Kevin Drum makes a plausible prediction about next year's presidential race (once we get through the foolishness and the Republicans settle on someone):
He's riffing off Professor Stephen Walt's sensible observation that the entity called ISIS, or ISIL, or Islamic State or Daesh seems to be successfully establishing itself as the effective government of a goodly swath of Sunni Muslim former Syria and Iraq and isn't going to be dislodged by U.S. bombing and ineffectual, fragmented enemies. As Sarah Chayes would highlight, at present it has banished a humiliating, exhausting culture of corruption from its conquests and that would give any governing authority a novel legitimacy. Even the New York Times documents this:
I hope we can be confident that, whatever provocations the aspiring caliphate may pull off before next year, the outgoing Obama administration is unlikely to dump U.S. troops into the fray. The Prez seems determined as I write to go out without "doing stupid shit", an admirable policy framework we could use more of.

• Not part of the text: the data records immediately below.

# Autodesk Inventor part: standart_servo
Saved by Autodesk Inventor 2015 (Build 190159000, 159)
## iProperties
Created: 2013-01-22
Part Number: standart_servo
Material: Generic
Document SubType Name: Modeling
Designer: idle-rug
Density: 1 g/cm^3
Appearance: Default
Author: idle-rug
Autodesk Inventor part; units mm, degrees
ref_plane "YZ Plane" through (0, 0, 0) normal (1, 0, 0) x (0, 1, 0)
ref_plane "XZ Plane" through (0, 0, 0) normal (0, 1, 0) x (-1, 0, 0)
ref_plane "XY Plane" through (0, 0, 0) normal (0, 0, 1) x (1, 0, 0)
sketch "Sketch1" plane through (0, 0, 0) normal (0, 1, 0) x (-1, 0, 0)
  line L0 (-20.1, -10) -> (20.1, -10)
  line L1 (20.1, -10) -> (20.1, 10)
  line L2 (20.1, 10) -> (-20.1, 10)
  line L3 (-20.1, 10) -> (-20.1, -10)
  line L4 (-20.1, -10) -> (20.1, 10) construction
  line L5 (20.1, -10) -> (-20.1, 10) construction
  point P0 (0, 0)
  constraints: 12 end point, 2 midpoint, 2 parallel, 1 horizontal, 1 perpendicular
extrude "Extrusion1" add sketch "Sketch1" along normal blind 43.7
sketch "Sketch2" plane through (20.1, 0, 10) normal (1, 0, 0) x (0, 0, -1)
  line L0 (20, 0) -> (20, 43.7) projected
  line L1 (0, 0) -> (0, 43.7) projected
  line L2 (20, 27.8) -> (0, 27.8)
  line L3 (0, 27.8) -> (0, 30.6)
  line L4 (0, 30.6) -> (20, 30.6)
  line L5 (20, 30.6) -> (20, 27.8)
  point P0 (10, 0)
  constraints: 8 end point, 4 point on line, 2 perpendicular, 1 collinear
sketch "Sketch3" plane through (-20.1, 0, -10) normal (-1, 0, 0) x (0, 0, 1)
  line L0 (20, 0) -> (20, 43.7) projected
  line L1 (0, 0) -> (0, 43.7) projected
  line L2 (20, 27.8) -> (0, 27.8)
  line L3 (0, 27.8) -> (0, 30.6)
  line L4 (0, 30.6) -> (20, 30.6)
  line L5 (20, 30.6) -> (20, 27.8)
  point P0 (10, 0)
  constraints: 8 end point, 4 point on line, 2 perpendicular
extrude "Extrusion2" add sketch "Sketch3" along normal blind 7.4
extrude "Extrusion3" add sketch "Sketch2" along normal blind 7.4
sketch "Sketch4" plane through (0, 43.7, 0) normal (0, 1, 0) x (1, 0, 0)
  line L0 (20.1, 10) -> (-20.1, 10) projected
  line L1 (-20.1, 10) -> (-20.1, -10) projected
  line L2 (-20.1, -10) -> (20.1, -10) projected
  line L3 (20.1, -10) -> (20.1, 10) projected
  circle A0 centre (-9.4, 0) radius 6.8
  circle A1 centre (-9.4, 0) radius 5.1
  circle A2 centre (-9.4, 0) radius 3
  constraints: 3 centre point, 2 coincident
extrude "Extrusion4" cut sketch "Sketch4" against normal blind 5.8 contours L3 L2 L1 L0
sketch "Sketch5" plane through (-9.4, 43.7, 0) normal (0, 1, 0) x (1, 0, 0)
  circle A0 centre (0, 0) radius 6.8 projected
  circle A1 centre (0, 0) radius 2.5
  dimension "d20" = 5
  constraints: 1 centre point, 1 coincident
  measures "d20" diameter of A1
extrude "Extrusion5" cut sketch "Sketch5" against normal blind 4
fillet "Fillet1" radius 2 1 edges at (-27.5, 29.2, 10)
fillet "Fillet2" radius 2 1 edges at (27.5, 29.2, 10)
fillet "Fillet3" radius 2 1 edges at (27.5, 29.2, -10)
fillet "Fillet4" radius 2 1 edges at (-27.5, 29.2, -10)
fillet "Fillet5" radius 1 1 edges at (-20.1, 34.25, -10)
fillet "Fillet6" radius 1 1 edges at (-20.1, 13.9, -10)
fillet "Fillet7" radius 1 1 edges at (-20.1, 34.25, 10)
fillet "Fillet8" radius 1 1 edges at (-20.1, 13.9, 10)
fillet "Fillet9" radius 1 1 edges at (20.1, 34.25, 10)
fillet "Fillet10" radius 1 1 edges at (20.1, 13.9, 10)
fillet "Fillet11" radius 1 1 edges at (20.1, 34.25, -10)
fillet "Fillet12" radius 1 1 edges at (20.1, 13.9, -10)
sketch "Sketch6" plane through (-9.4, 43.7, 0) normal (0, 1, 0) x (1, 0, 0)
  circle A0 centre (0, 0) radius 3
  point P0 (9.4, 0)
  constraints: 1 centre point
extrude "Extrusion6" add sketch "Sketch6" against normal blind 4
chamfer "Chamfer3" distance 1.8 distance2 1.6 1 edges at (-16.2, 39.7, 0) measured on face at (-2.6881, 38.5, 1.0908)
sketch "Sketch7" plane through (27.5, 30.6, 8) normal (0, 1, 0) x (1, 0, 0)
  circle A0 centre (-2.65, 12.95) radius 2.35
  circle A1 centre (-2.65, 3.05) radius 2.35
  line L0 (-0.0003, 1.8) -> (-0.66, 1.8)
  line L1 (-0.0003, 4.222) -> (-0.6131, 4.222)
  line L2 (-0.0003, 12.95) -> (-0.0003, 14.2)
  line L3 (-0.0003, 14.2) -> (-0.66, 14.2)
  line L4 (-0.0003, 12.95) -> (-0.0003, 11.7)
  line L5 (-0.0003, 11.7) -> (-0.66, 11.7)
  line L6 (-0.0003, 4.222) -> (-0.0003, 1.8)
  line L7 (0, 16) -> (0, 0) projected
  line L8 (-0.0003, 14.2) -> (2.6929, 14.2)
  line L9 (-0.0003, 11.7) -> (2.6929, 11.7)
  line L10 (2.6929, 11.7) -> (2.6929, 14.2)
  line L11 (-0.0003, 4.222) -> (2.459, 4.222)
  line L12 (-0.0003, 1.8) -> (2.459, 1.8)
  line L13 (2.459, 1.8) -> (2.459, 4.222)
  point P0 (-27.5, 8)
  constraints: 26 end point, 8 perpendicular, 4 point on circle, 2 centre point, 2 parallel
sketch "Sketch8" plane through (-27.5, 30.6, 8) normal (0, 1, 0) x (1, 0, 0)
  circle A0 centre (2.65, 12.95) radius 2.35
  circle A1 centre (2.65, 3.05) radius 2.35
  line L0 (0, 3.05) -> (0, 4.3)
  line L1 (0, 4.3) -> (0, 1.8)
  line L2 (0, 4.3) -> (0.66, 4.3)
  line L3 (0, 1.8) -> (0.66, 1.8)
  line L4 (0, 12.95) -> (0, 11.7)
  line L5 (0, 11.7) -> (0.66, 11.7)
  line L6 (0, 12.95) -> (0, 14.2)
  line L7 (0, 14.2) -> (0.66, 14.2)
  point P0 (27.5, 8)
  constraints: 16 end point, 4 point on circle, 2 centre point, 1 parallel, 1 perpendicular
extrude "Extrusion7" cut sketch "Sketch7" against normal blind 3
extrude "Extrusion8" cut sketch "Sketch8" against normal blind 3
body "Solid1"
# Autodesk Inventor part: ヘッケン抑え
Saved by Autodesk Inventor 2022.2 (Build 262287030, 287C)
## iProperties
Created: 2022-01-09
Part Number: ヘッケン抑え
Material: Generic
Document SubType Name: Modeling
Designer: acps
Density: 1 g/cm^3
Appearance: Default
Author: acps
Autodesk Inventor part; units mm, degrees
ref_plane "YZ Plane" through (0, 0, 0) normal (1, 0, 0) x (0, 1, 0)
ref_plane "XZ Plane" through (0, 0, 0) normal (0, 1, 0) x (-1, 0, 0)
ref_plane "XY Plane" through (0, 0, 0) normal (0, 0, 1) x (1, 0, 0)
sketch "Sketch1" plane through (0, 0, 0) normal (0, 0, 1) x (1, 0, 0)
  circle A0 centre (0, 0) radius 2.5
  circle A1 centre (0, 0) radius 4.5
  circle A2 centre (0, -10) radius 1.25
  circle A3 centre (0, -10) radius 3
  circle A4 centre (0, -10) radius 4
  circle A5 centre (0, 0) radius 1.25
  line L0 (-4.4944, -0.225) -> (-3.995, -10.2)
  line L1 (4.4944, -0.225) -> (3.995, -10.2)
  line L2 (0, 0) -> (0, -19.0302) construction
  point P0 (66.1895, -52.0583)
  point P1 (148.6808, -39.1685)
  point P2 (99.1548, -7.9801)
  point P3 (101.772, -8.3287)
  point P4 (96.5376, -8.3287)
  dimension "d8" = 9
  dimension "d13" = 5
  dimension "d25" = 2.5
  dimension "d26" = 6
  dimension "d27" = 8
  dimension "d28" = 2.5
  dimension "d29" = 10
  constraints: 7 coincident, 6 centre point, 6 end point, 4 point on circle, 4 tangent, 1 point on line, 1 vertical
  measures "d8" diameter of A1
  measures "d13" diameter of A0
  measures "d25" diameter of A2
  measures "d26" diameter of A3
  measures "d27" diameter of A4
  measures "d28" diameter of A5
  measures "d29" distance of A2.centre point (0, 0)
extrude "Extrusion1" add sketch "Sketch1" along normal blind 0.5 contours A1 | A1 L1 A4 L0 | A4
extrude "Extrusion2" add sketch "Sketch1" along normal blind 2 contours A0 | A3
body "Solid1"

But Drum may be right that an argument about whether the U.S. should go crashing into another war could become a central issue next fall -- and the idea has disquieting implications.
For Hillary Clinton, this will require some fancy footwork. Aside from her Wall Street ties, distrust of Hillary over her hawkishness is probably her greatest liability among Democratic voters.
On the other hand, we can count on any Republican to promise to (re)establish imperial dominance by maximum force and violence. Anything less would unmanly, un-exceptional, unAmerican. And just consider, that nominee could be named Bush ...
People who care about peace can't allow this horror show to develop without loudly raising up a picture of a more peaceable posture. Otherwise we'll be as organizationally enfeebled as we found ourselves after the 9/11 attacks.